L'audience du dirigeant chinois Bo Xilai a repris dimanche matin

Le procès pour corruption de Bo Xilai, au coeur d'un retentissant scandale politico-criminel en Chine, a repris dimanche. Lors des audiences précédentes, le dirigeant s'est vivement défendu tout en reconnaissant samedi avoir commis des erreurs.

Malgré l'apparente transparence des débats contradictoires, les autorités contrôlent étroitement ce procès sensible qui s'achèvera, de l'avis général des experts, par l'annonce d'un verdict déjà décidé par la direction communiste.

M. Bo, 64 ans, poursuivi pour corruption, détournement de fonds et abus de pouvoir, avait démenti en bloc jeudi et vendredi avoir reçu l'équivalent de 3,3 millions de francs en pots-de-vin, incluant une villa en France, de la part de deux hommes d'affaires.

En revanche, il a admis samedi avoir commis "des erreurs" et dit "assumer une certaine responsabilité" dans un détournement de cinq millions de yuans (755'000 francs) de fonds publics au profit de sa femme Gu Kailai.

Il a également reconnu des "erreurs" dans les suites dramatiques de l'assassinat par son épouse d'un Britannique proche du couple, Neil Heywood. Ce dernier a été empoisonné en novembre 2011 à Chongqing (sud-ouest), la métropole géante que Bo dirigeait alors.

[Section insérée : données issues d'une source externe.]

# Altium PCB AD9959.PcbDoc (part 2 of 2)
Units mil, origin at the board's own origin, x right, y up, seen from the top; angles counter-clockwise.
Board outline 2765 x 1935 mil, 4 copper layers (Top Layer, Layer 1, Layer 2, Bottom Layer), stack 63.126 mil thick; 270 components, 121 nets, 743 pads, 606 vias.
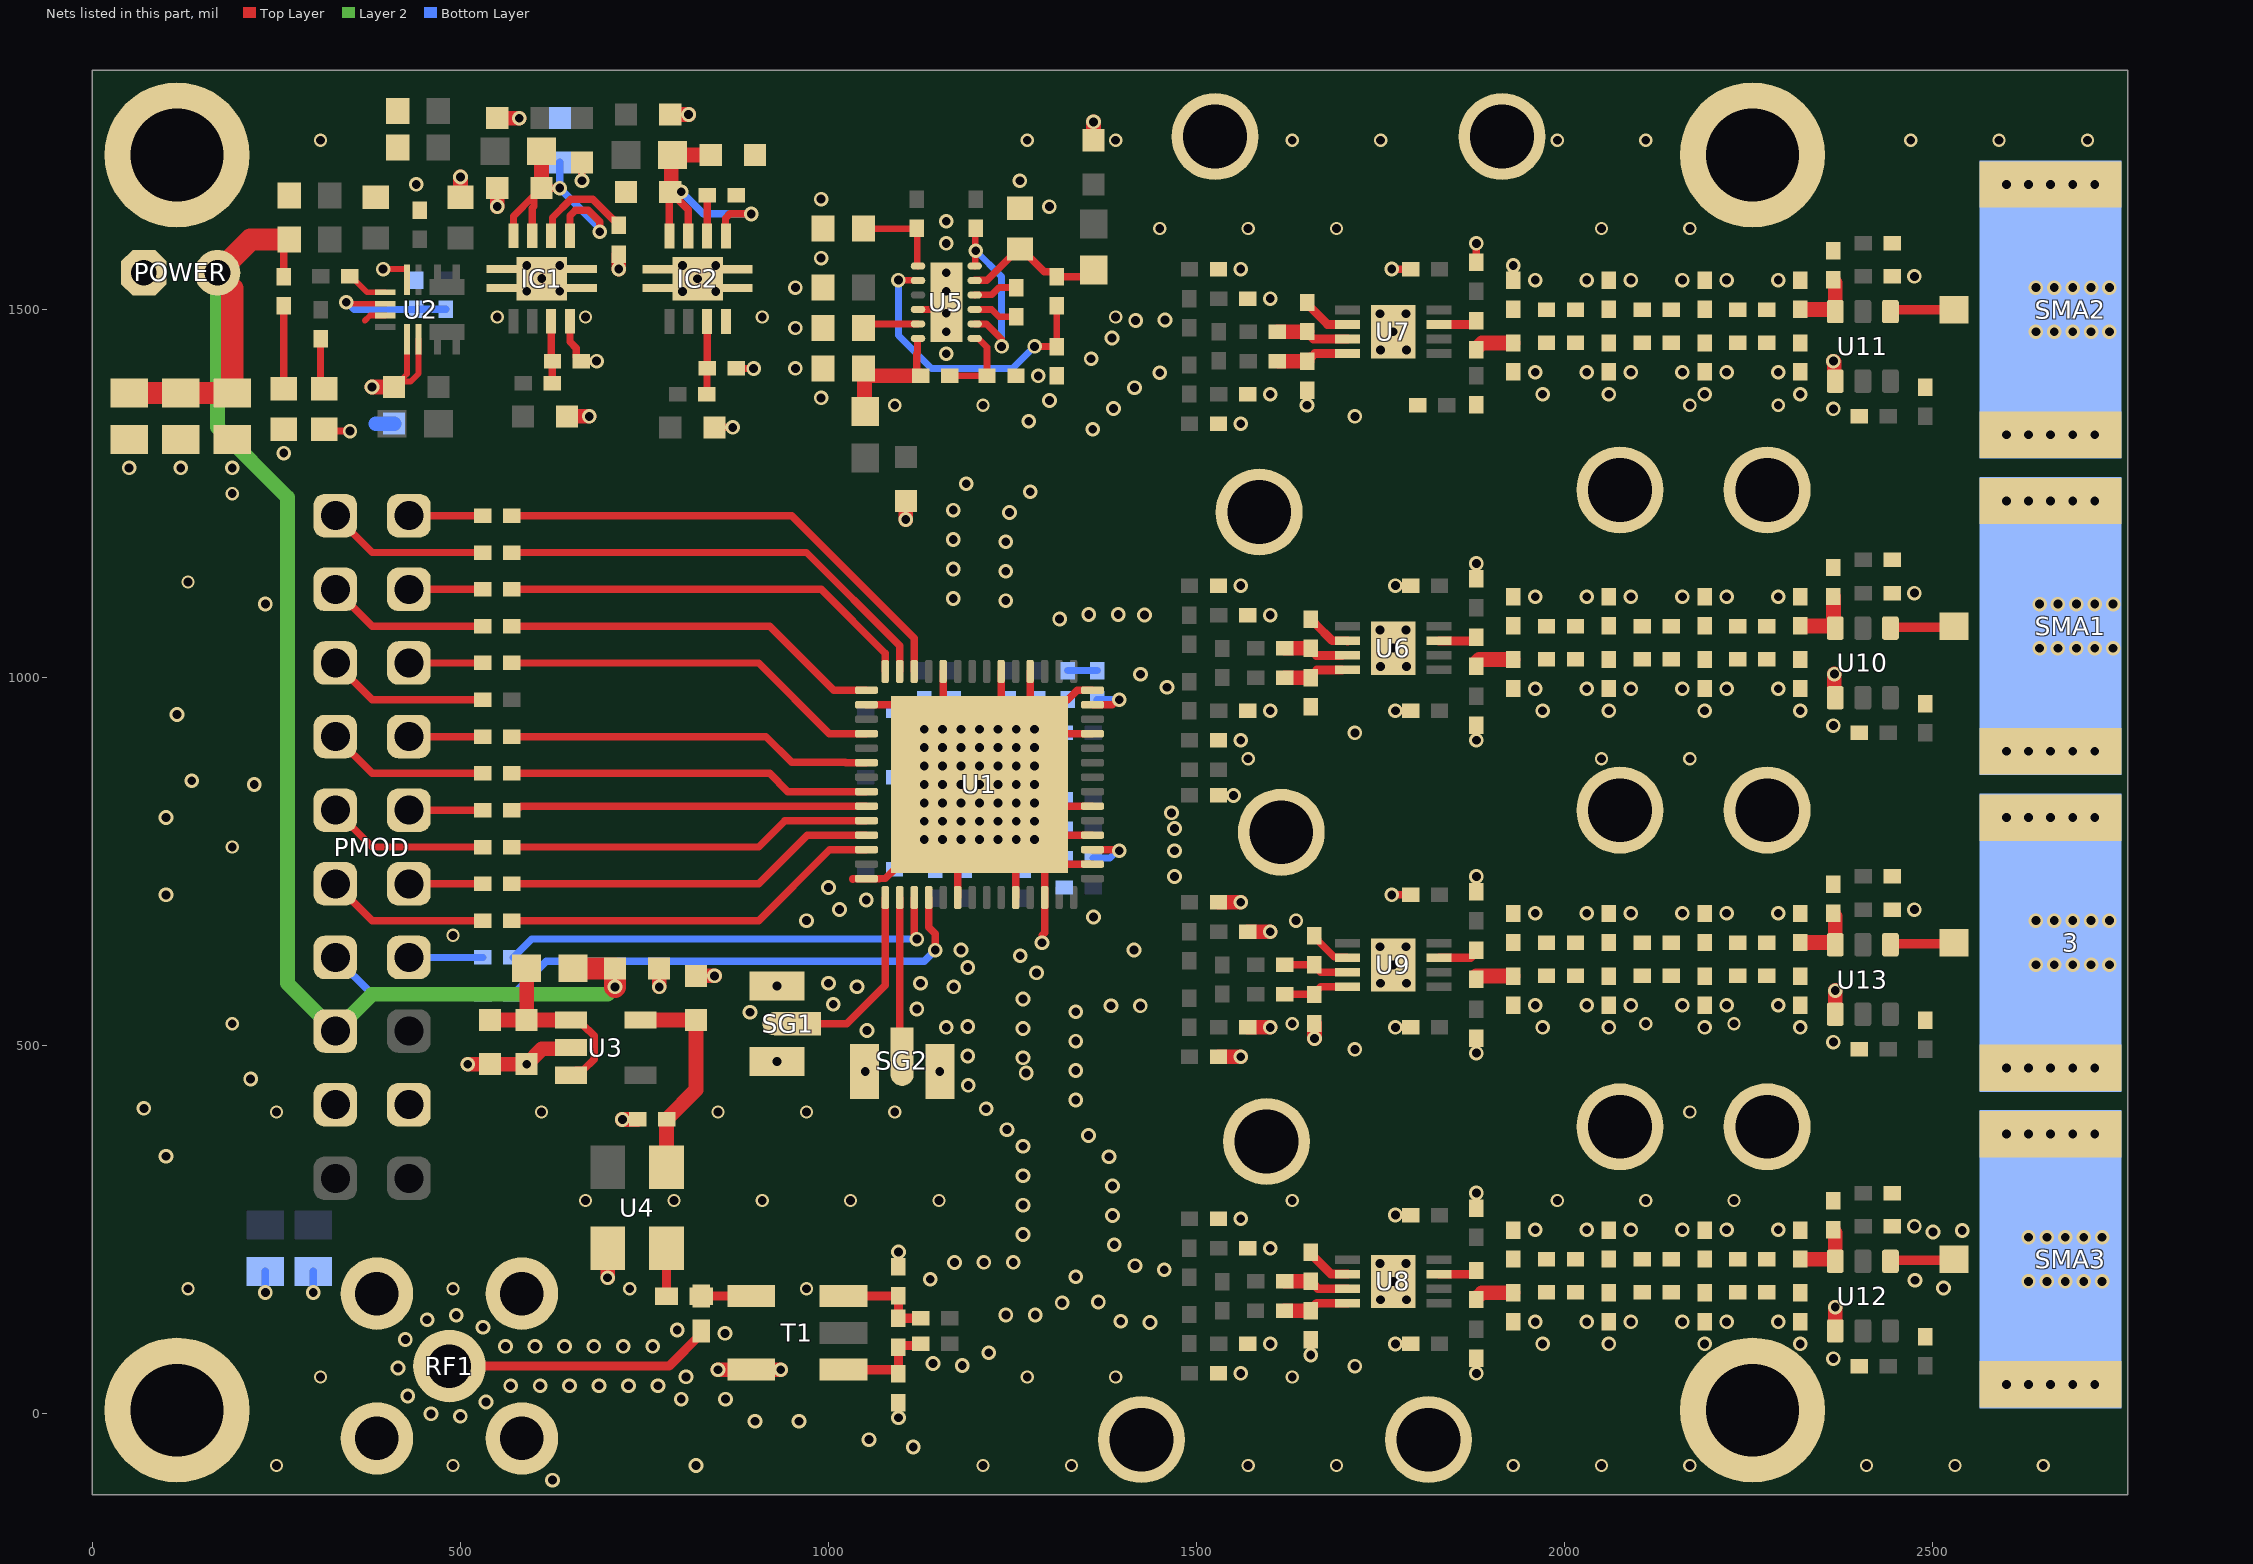
[diagram p4: the nets of this part, all layers, seen from the top]

## Via types
v1: diameter 20, hole 12, Top Layer to Bottom Layer, tented both sides, 280 vias
v2: diameter 19.68, hole 12, Top Layer to Bottom Layer, tented both sides, 257 vias
v3: diameter 18, hole 12, Top Layer to Bottom Layer, tented both sides, 69 vias

## Nets (pads, with @x,y where several pads share a name; then routed paths per layer and width w, separated by ;. In a path a pad name is that pad's centre, name@x,y a point inside that pad or via, vN(x,y) a via of type N, cw(c..) or ccw(c..) an arc to the next point about the centre after c; other vN are vias at no path point) (continued)
GND: 3.2 3.3 3.4 C1.1 C2.1 C3.2 C4.2 C5.2 C6.1 C7.2 C8.1 C9.1 C11.2 C12.2 C13.1 C14.2 C15.2 C16.2 C17.2 C18.2 C19.2 C20.2 C21.2 C22.2 C23.2 C24.2 C25.2 C26.2 C27.2 C28.1 C30.1 C32.1 C34.2 C35.2 C36.2 C37.2 C38.1 C40.1 C42.1 C44.1 C46.2 C47.2 C48.2 C49.2 C50.1 C52.1 C54.1 C56.1 C58.2 C59.2 C60.2 C61.2 C62.1 C64.1 C66.1 C68.1 C70.2 C71.2 C72.2 C73.2 C74.1 C76.2 C77.2 C78.2 C79.2 C80.2 C81.2 C82.2 C83.2 C84.2 C85.2 C86.2 C87.2 C88.2 C89.2 C90.2 C91.2 C92.2 C93.2 C94.2 C95.2 C96.2 C97.2 C98.2 C99.2 C100.2 C101.2 C102.2 C103.2 C104.2 C105.2 C106.2 C107.2 C108.2 C109.2 C110.2 C111.2 C112.2 C113.2 C114.2 C115.2 C116.2 C117.2 C118.2 C119.2 C120.2 C121.2 C122.2 C123.2 C124.2 C125.2 C126.2 C127.2 C128.2 C129.1 C130.2 C135.1 C136.1 C137.1 C138.1 C139.1 C140.1 C141.1 C142.1 C143.1 C144.1 C145.1 C146.1 C147.1 C148.1 C149.1 C150.1 C151.1 D2.2 D3.2 IC1.4 IC1.9 IC1.10 IC1.11 IC1.12 IC1.13 IC2.4 IC2.9 IC2.10 IC2.11 IC2.12 IC2.13 pad.0 pad. PMOD.17 PMOD.18 POWER.1 R2.2 R5.1 R6.2 R7.2 R9.2 R14.1 R15.1 R57.2 R58.2 R59.2 R60.2 R63.1 R64.1 R65.1 R66.1 R69.1 R72.1 RF1.1 SG1.2 SG1.3 SG2.2 SG2.3 SMA1.2 SMA1.3 SMA1.4 SMA2.2 SMA2.3 SMA2.4 SMA3.2 SMA3.3 SMA3.4 T1.2 U1.6 U1.10 U1.12 U1.16 U1.18 U1.20 U1.25 U1.28 U1.32 U1.34 U1.38 U1.44 U1.56 U1.57 U2.1 U2.2 U2.11 U3.2 U4.2 U5.4 U5.13 U6.9 U7.9 U8.9 U9.9 U10.4 U11.4 U12.4 U13.4 | length 2842.3
  Top Layer w8: 370,1485 377.06,1492.06 U2.11@397.91,1492.13 U2.11@397.91,1492.13 ; C146.1@410,1395 C146.1@417.31,1402.31 ; U2.1@427.44,1459.65 427.44,1412.44 C146.1@417.31,1402.31 ; U2.2@443.19,1459.65 443.19,1413.19 432.31,1402.31 C146.1@417.31,1402.31
  Top Layer w9: U5.4@1121.56,1500.16 1150.16,1500.16 U5.13@1160,1510
  Top Layer w10: IC1.4@648.78,1484.13 648.78,1456.22 657.56,1447.44 657.56,1434.84 662.4,1430 R6.2@664.37,1430 v1(685,1430) ; v1(665,1675) C142.1@665,1700 ; C8.1@845,1340 v1(870,1340) ; R7.2@874.69,1420 v1(898.32,1420) ; 1032.78,725.81 1032.78,727.05 U1.56@1051.46,727.05 1069.27,727.05 1069.43,727.2 1077.2,727.2 U1.57@1090,740 ; U1.44@1051.46,963.27 U1.57@1096.73,963.27 ; v1(1095,-5.31) R72.1@1095,15.32 ; R69.1@1095,199.68 v1(1095,220) ; U1.57@1155.79,904.21 U1.38@1155.79,1008.54 ; U1.6@1175.47,701.46 U1.57@1175.47,825.47 ; U1.57@1234.53,884.53 U1.34@1234.53,1008.54 ; U1.10@1254.21,701.46 U1.57@1254.21,805.79 ; U1.57@1273.9,786.1 U1.18@1358.54,786.1 ; U1.32@1273.9,1008.54 1273.9,923.9 U1.25@1358.54,923.9 ; U1.57@1280,825.47 U1.20@1358.54,825.47 ; 1290,650 1293.58,653.58 U1.12@1293.58,701.46 U1.57@1293.58,766.42 ; U1.57@1313.27,746.73 U1.16@1358.54,746.73 ; U1.57@1320,970 1325,970 1337.87,982.87 1358.46,982.87 U1.28@1358.54,982.95 ; R2.2@1529.69,840 v1(1550,840) ; v1(1650,1370) R59.2@1650,1390.31 ; v1(1655,80) R58.2@1655,100.63 ; v1(1765,705) C81.2@1790.63,705 ; v1(1765,1555) C76.2@1790.63,1555 ; v1(1770,95) C125.2@1790.63,95 ; v1(1770,270) C82.2@1790.63,270 ; v1(1770,525) C126.2@1790.63,525 ; v1(1770,955) C86.2@1790.63,955 ; v1(1770,1125) C78.2@1790.63,1125 ; v1(1880,55) C90.2@1880,75.31 ; C115.2@1880,279.37 v1(1880,300) ; v1(1880,490) C89.2@1880,510.31 ; C119.2@1880,709.37 v1(1880,730) ; v1(1880,915) C122.2@1880,935.63 ; C114.2@1880,1134.37 v1(1880,1155) ; C118.2@1880,1564.37 v1(1880,1590) ; C40.1@1930,1539.68 v1(1930,1560)
  Top Layer w20: v1(380,1395) C146.1@410,1395 ; C1.1@500,1652.56 v1(500,1680) ; v1(510,475) C151.1@540,475 v1(590,475) 610.79,495.79 648.19,495.79 U3.2@650,497.6 ; v1(550,1640) C141.1@550,1665 ; C140.1@550,1760 v1(580,1760) ; C139.1@645,1355 v1(675,1355) ; v1(700,185) U4.2@700,225 ; v1(715,1555) C137.1@715,1575.32 ; v1(720,400) C130.2@740.63,400 ; v1(770,580) C150.1@770,605 ; C143.1@785,1765 v1(810,1765) ; C149.1@820,595 v1(845,595) ; v1(850,60) T1.2@895,60 v1(935,60) ; SG2.2@1048.82,465 v1(1050,465) ; v1(1105,1215) C148.1@1105,1240 ; C147.1@1360,1730 v1(1360,1755) ; C105.2@1529.69,485 v2(1560,485) ; C106.2@1529.69,695 v2(1560,695) ; C101.2@1569.69,525 v2(1600,525) ; C102.2@1569.69,655 v2(1600,655) ; v1(1660,510) R60.2@1660,530.31 ; v2(2365,1430) 2366.18,1428.82 2366.18,1404.17 U11.4@2367.6,1402.76 ; v2(2366.3,1005) 2366.3,974.06 U10.4@2367.6,972.76 ; U12.4@2367.6,112.76 v2(2367.6,145) ; U13.4@2367.6,542.76 v2(2367.6,575)
  Bottom Layer w10: v1(235,165) C112.2@235,193.5 ; v1(300,165) C111.2@300,193.5
  Bottom Layer w20: 385,1345 C145.1@410,1345
  other v1: 625,-90 820,-70 1115,-45 1055,-35 900,-10 960,-10 499.94,-3.24 460.07,-0.01 534.87,16.25 800,20 860,20 428.4,24.42 568.24,38.31 608.24,38.31 648.24,38.31 688.24,38.31 728.24,38.31 768.24,38.31 2600,40 2630,40 2660,40 2690,40 2720,40 806.42,50.24 415.17,62.17 1181.7,65.75 1141.8,68.5 1217.75,83.09 561.25,91.69 601.25,91.69 641.25,91.69 681.25,91.69 721.25,91.69 761.25,91.69 425.18,100.9 859.45,109.38 794.54,113.87 530.78,117.61 1436.82,124.2 1396.86,125.89 454.76,127.81 494.28,133.98 1240.91,134.2 1280.91,134.2 1317.3,150.81 1366.53,151.97 1750,155 1785,155 2514.47,170.91 1767.09,179.84 2475.92,181.6 1138.11,182.89 1335.8,186.27 1455.93,195.8 1416.32,201.38 1749.29,204.45 1784.29,204.45 1171,205.66 1211,205.8 1251,205.8 1388.04,229.66 1264.2,243.56 2500.16,246.97 2540.1,249.09 1385.8,269.6 1264.2,283.56 1385.8,309.6 1264.2,323.56 1380.88,349.3 100,350 1264.2,363.56 1353.26,378.23 2600,380 2630,380 2660,380 2690,380 2720,380 1242.38,386.12 1214.1,414.41 70,415 1335.8,426.27 1189.83,446.2 215,455 1268.41,463.08 1151.18,465 1335.8,466.27 2600,470 2630,470 2660,470 2690,470 2720,470 930,478.82 1264.2,483.56 1189.04,486.19 1335.8,506.27 1052.26,520.77 1264.2,523.56 1160,525 1189.04,526.19 893.49,545.58 1335.8,546.27 1120,550 1383.6,554.47 1423.6,554.2 1006.42,556.46 1264.2,563.56 1038.66,580.15 1170,580 930,581.18 1000,585 1125,585 1750,585 1785,585 1282.59,599.08 1189.04,606.19 1767.09,609.84 1260.33,622.26 1180,630 1415,630 1749.29,634.45 1784.29,634.45 1290,640 970,670 1360,675 1015,685 1051.24,698.12 100,705 1000,715 1470,730 1470,765 1470,795 100,810 2600,810 2630,810 2660,810 2690,810 2720,810 1465.8,816.39 220,855 135,860 2600,900 2630,900 2660,900 2690,900 2720,900 115,950 1459.77,987.04 1423.85,1004.66 1750,1015.32 1785,1015.32 1767.09,1040.16 1749.29,1064.76 1784.29,1064.76 1313.94,1079.71 1429.32,1085.19 1353.47,1085.8 1393.47,1085.8 235,1100 1240.65,1104.64 1169.35,1107.63 1240.65,1144.64 1169.35,1147.63 1240.65,1184.64 1169.35,1187.63 1245.8,1224.3 1169.35,1227.63 2600,1240 2630,1240 2660,1240 2690,1240 2720,1240 1274.08,1252.59 1187.02,1263.51 2600,1330 2630,1330 2660,1330 2690,1330 2720,1330 1358.93,1337.44 1271.87,1348.37 1387.22,1365.73 1300.16,1376.65 1415.5,1394.01 1450.03,1414.2 1356.73,1433.22 1160,1440 1750,1445 1785,1445 1385.01,1461.5 1767.09,1469.84 1417.2,1485.25 1457.2,1485.8 1749.29,1494.45 1784.29,1494.45 590,1525 635,1525 801.81,1524.72 846.81,1524.72 610.39,1542.2 822.2,1541.93 590,1560 635,1560 801.81,1559.72 846.81,1559.72 1160,1590 1160,1620 2600,1670 2630,1670 2660,1670 2690,1670 2720,1670
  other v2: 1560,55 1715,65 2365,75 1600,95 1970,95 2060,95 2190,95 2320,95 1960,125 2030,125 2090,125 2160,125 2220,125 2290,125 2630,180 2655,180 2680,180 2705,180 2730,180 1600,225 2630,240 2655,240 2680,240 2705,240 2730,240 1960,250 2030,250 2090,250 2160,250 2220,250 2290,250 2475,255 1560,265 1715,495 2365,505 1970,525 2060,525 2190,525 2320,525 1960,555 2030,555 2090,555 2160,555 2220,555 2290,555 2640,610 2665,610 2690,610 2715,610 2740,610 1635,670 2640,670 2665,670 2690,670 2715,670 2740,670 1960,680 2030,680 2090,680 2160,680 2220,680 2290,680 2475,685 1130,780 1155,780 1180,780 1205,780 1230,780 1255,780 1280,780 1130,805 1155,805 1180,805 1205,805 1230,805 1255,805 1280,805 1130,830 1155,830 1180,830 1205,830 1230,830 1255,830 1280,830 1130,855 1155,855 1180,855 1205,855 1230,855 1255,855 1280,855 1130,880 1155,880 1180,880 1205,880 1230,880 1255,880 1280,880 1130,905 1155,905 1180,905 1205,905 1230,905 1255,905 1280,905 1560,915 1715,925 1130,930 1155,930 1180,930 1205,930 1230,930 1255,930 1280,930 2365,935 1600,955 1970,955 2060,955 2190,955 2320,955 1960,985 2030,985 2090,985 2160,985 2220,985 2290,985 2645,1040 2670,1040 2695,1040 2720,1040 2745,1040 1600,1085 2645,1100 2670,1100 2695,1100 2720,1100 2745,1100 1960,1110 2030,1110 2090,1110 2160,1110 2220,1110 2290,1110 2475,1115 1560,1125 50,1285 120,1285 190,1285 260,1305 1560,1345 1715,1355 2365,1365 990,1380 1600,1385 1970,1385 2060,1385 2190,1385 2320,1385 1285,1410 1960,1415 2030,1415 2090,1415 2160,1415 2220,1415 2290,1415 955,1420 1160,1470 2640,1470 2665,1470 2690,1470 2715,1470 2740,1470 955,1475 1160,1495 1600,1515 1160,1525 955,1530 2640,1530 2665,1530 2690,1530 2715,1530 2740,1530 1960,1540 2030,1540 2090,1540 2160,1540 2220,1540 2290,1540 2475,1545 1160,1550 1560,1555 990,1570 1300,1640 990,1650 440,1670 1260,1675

Le responsable a été confronté samedi, au cours d'une audition surprise, à son ancien bras droit, le chef policier Wang Lijun. Tombé en disgrâce, ce dernier s'était réfugié en février 2012 dans un consulat américain et y avait exposé le meurtre de Heywood, précipitant la chute spectaculaire de Bo Xilai.

L'ancien membre du puissant Bureau politique du Parti communiste a cependant nié devant le tribunal avoir abusé de son pouvoir pour protéger sa femme. Le témoignage de Wang Lijun était discuté dimanche par la défense et l'accusation, a précisé le tribunal sur son microblog.